Reducing docker size with PyTorch model

I’d like to deploy four of my models with a total size of ~100mb when the state saved on disk. It would be great if the docker could take as small space as possible, no more than 700 mb.

Now I’m creating docker and install a few dependencies. Suddenly it takes 2.8 GB on disk, where PyTorch and related libraries take at least 800 MB in conda.

Therefore I’m looking for a simple way to deploy these models. As far as I understand I could use jit and e able to run models with small library libtorch. However, I’d like to run the model in Python, not C++. Is it possible?

And the second thing I don’t understand is whether I should use onnx or jit? What is the difference?

I’m looking for a simple guide with the steps to do that: export with jit and load with some lib I don’t know in Python? Or export to ONNX and then to TensorFlow? Or maybe get rid of conda and just install some PyTorch version and it should be no more than 80 MB on disk?

Any help appreciated!

if you are deploying to a CPU inference, instead of GPU-based, then you can save a lot of space by installing PyTorch with CPU-only capabilities.

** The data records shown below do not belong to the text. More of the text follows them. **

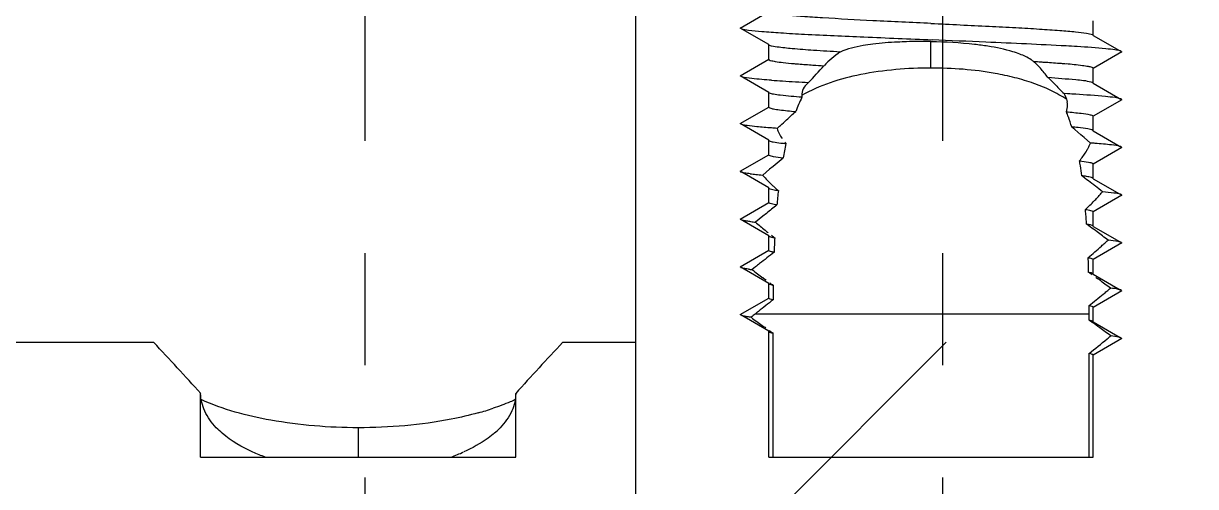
# Model space of a CAD drawing. Extents: x -425 to 6552, y -3049 to 3105.
# Drawn here: x -173.74 to -161.47, y -2867.27 to -2862.42 of the extents above; entities that cross this region are included whole.
import ezdxf

# ---------------------------------------------------------------- set-up
doc = ezdxf.new("R2010")
doc.units = 0
doc.linetypes.add('CENTER', pattern=[17.8, 10.75, -2.35, 2.35, -2.35])
doc.layers.get('0').update_dxf_attribs({"linetype": 'CONTINUOUS'})
doc.layers.add('3', color=112, linetype='CENTER')

msp = doc.modelspace()

# ---------------------------------------------------------------- hatches: boundary and pattern name
at = {"linetype": 'CONTINUOUS'}
h = msp.add_hatch(dxfattribs=at)
h.set_pattern_fill('ANSI31', color=2, scale=0.4, style=0, pattern_type=2)
h.set_pattern_definition([(45, (-194.883, -2977.63), (-13.5115, 13.5115), [])])
edge = h.paths.add_edge_path()
edge.add_line((-185.238, -2960.372), (-185.238, -2957.056))
edge.add_line((-185.238, -2957.057), (-147.587, -2957.057))
edge.add_line((-147.587, -2957.056), (-147.587, -2956.598))
edge.add_line((-147.587, -2952.62), (-147.587, -2956.598))
edge.add_line((-147.587, -2952.62), (-147.587, -2952.162))
edge.add_line((-147.587, -2952.162), (-185.238, -2952.162))
edge.add_line((-185.238, -2952.162), (-185.238, -2948.756))
edge.add_line((-185.238, -2948.757), (-147.587, -2948.757))
edge.add_line((-147.587, -2948.756), (-147.587, -2948.298))
edge.add_line((-147.587, -2944.32), (-147.587, -2948.298))
edge.add_line((-147.587, -2944.32), (-147.587, -2943.862))
edge.add_line((-147.587, -2943.862), (-185.238, -2943.862))
edge.add_line((-185.238, -2943.862), (-185.238, -2940.456))
edge.add_line((-185.238, -2940.457), (-147.587, -2940.457))
edge.add_line((-147.587, -2940.456), (-147.587, -2939.998))
edge.add_line((-147.587, -2936.02), (-147.587, -2939.998))
edge.add_line((-147.587, -2936.02), (-147.587, -2935.562))
edge.add_line((-147.587, -2935.562), (-185.238, -2935.562))
edge.add_line((-185.238, -2935.562), (-185.238, -2932.156))
edge.add_line((-185.238, -2932.157), (-147.587, -2932.157))
edge.add_line((-147.587, -2932.156), (-147.587, -2931.698))
edge.add_line((-147.587, -2927.72), (-147.587, -2931.698))
edge.add_line((-147.587, -2927.72), (-147.587, -2927.262))
edge.add_line((-147.587, -2927.262), (-185.238, -2927.262))
edge.add_line((-185.238, -2927.262), (-185.238, -2923.856))
edge.add_line((-185.238, -2923.857), (-147.587, -2923.857))
edge.add_line((-147.587, -2923.856), (-147.587, -2923.398))
edge.add_line((-147.587, -2919.42), (-147.587, -2923.398))
edge.add_line((-147.587, -2919.42), (-147.587, -2918.962))
edge.add_line((-147.587, -2918.962), (-185.238, -2918.962))
edge.add_line((-185.238, -2918.962), (-185.238, -2915.556))
edge.add_line((-185.238, -2915.557), (-147.587, -2915.557))
edge.add_line((-147.587, -2915.556), (-147.587, -2915.098))
edge.add_line((-147.587, -2911.12), (-147.587, -2915.098))
edge.add_line((-147.587, -2911.12), (-147.587, -2910.662))
edge.add_line((-147.587, -2910.662), (-185.238, -2910.662))
edge.add_line((-185.238, -2910.662), (-185.238, -2907.256))
edge.add_line((-185.238, -2907.257), (-147.587, -2907.257))
edge.add_line((-147.587, -2907.256), (-147.587, -2906.798))
edge.add_line((-147.587, -2902.82), (-147.587, -2906.798))
edge.add_line((-147.587, -2902.82), (-147.587, -2902.362))
edge.add_line((-147.587, -2902.362), (-185.238, -2902.362))
edge.add_line((-185.238, -2902.362), (-185.238, -2898.956))
edge.add_line((-185.238, -2898.957), (-147.587, -2898.957))
edge.add_line((-147.587, -2898.956), (-147.587, -2898.498))
edge.add_line((-147.587, -2894.52), (-147.587, -2898.498))
edge.add_line((-147.587, -2894.52), (-147.587, -2894.062))
edge.add_line((-147.587, -2894.062), (-185.238, -2894.062))
edge.add_line((-185.238, -2894.062), (-185.238, -2890.656))
edge.add_line((-185.238, -2890.657), (-147.587, -2890.657))
edge.add_line((-147.587, -2890.656), (-147.587, -2890.198))
edge.add_line((-147.587, -2886.22), (-147.587, -2890.198))
edge.add_line((-147.587, -2886.22), (-147.587, -2885.762))
edge.add_line((-147.587, -2885.762), (-185.238, -2885.762))
edge.add_line((-185.238, -2885.762), (-185.238, -2882.356))
edge.add_line((-185.238, -2882.357), (-147.587, -2882.357))
edge.add_line((-147.587, -2882.356), (-147.587, -2881.898))
edge.add_line((-147.587, -2877.92), (-147.587, -2881.898))
edge.add_line((-147.587, -2877.92), (-147.587, -2877.462))
edge.add_line((-147.587, -2877.462), (-185.238, -2877.462))
edge.add_line((-185.238, -2877.462), (-185.238, -2874.056))
edge.add_line((-185.238, -2874.057), (-147.587, -2874.057))
edge.add_line((-147.587, -2874.056), (-147.587, -2873.598))
edge.add_line((-147.587, -2869.62), (-147.587, -2873.598))
edge.add_line((-147.587, -2869.62), (-147.587, -2869.162))
edge.add_line((-147.587, -2869.162), (-185.238, -2869.162))
edge.add_line((-185.238, -2869.162), (-185.238, -2865.756))
edge.add_line((-185.238, -2865.757), (-172.378, -2865.757))
edge.add_spline(control_points=[(-171.888, -2866.292), (-171.94, -2866.235), (-172.046, -2866.118), (-172.21, -2865.94), (-172.322, -2865.819), (-172.38, -2865.758)], knot_values=[0, 0, 0, 0, 0.333333, 0.666667, 1, 1, 1, 1], degree=3, periodic=0)
edge.add_line((-171.888, -2866.959), (-171.888, -2866.292))
edge.add_line((-171.888, -2866.959), (-168.588, -2866.959))
edge.add_line((-168.588, -2866.959), (-168.588, -2866.293))
edge.add_spline(control_points=[(-168.096, -2865.758), (-168.153, -2865.819), (-168.266, -2865.94), (-168.43, -2866.118), (-168.536, -2866.235), (-168.588, -2866.293)], knot_values=[0, 0, 0, 0, 0.333333, 0.666667, 1, 1, 1, 1], degree=3, periodic=0)
edge.add_line((-168.097, -2865.757), (-147.587, -2865.757))
edge.add_line((-147.587, -2865.756), (-147.587, -2865.298))
edge.add_line((-147.587, -2861.959), (-147.587, -2865.298))
edge.add_line((-147.587, -2861.959), (-147.587, -2861.501))
edge.add_line((-147.587, -2861.501), (-168.097, -2861.501))
edge.add_spline(control_points=[(-168.506, -2861.064), (-168.46, -2861.111), (-168.369, -2861.207), (-168.232, -2861.352), (-168.142, -2861.451), (-168.097, -2861.501)], knot_values=[0, 0, 0, 0, 0.333333, 0.666667, 1, 1, 1, 1], degree=3, periodic=0)
edge.add_line((-168.238, -2860.909), (-168.506, -2861.064))
edge.add_line((-168.588, -2860.707), (-168.238, -2860.909))
edge.add_line((-168.588, -2860.707), (-168.588, -2860.411))
edge.add_line((-168.238, -2860.209), (-168.588, -2860.411))
edge.add_line((-168.588, -2860.007), (-168.238, -2860.209))
edge.add_line((-168.588, -2860.007), (-168.588, -2859.711))
edge.add_line((-168.238, -2859.509), (-168.588, -2859.711))
edge.add_line((-168.588, -2859.307), (-168.238, -2859.509))
edge.add_line((-168.588, -2859.307), (-168.588, -2859.011))
edge.add_line((-168.238, -2858.809), (-168.588, -2859.011))
edge.add_line((-168.588, -2858.607), (-168.238, -2858.809))
edge.add_line((-168.588, -2858.607), (-168.588, -2858.311))
edge.add_line((-168.238, -2858.109), (-168.588, -2858.311))
edge.add_line((-168.588, -2857.907), (-168.238, -2858.109))
edge.add_line((-168.588, -2857.907), (-168.588, -2857.611))
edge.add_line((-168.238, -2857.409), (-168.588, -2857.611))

That significantly reduces the docker image size (the pytorch component is ~128MB compressed.

To install CPU-only, go to and in the Install selector, select the option CUDA to be None and you will get the right set of commands.

@smth hank you for the help!
unfortunately, having empty virtualenv of size 4.8 mb, after the command:

pip install
or command
pip install torch

venv grows to 375 mb.

I’m using Python 3.7 and macOS Catalina 10.15.4

My lib catalog in venv looks like this:

16M caffe2
4,0K easy-install.pth
3,0M future
56K future-0.18.2.dist-info
292K libfuturize
236K libpasteurize
86M numpy
132K numpy-1.18.3.dist-info
116K past
7,3M pip-19.0.3-py3.7.egg
560K setuptools-40.8.0-py3.7.egg
4,0K setuptools.pth
256M torch
352K torch-1.5.0.dist-info

correct, that is uncompressed. when you compress it, it should be about half of that.

I’m not familiar with any way of using it as compressed package. I mean, when I want to infer, I need to uncompress it anyway?

I assume the best way is to convert model and use it with torchlib or export it to onnx and try there.